** Exercise materials **

*** Begin section ***

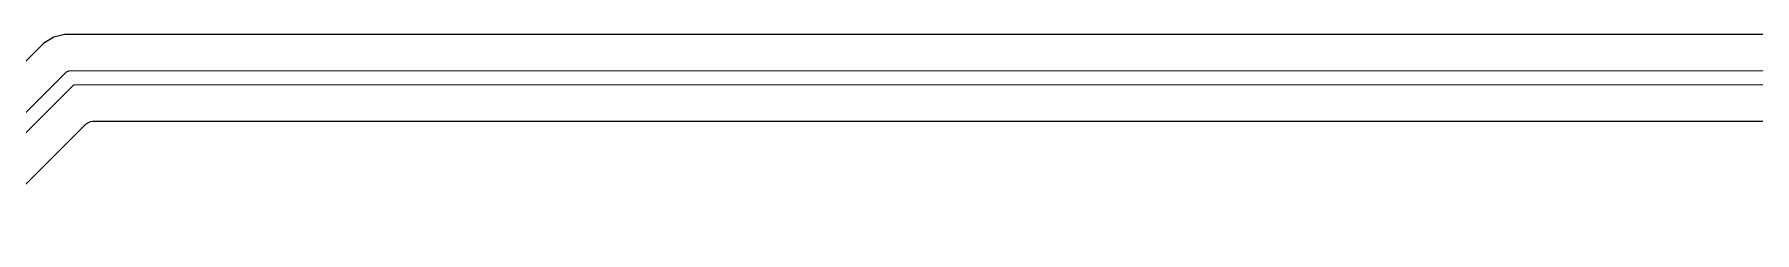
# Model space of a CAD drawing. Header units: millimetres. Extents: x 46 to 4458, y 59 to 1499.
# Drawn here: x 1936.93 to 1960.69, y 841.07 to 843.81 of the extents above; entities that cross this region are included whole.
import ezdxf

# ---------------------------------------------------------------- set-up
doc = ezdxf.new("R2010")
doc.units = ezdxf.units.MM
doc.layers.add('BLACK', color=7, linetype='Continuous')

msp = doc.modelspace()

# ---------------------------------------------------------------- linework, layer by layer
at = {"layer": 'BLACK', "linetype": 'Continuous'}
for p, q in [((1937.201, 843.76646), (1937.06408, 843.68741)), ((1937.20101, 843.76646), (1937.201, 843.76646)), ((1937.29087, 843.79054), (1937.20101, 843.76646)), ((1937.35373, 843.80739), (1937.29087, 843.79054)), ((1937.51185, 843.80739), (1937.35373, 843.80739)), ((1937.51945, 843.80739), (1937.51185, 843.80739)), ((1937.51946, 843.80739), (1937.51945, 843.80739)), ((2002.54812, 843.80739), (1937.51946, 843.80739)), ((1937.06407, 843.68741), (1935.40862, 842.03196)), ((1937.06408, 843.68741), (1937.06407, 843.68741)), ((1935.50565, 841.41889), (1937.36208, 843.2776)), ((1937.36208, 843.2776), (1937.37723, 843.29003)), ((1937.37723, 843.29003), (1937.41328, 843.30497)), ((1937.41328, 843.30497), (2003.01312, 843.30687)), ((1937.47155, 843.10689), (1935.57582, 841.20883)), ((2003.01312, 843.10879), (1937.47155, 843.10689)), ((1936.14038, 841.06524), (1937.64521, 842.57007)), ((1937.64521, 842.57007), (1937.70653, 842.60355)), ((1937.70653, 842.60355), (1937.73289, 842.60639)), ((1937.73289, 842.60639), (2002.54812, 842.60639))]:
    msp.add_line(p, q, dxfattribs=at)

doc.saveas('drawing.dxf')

*** End section ***

Each line that contains the string "units" should be copied from the data above.

** Answer area **
# Model space of a CAD drawing. Header units: millimetres. Extents: x 46 to 4458, y 59 to 1499.
doc.units = ezdxf.units.MM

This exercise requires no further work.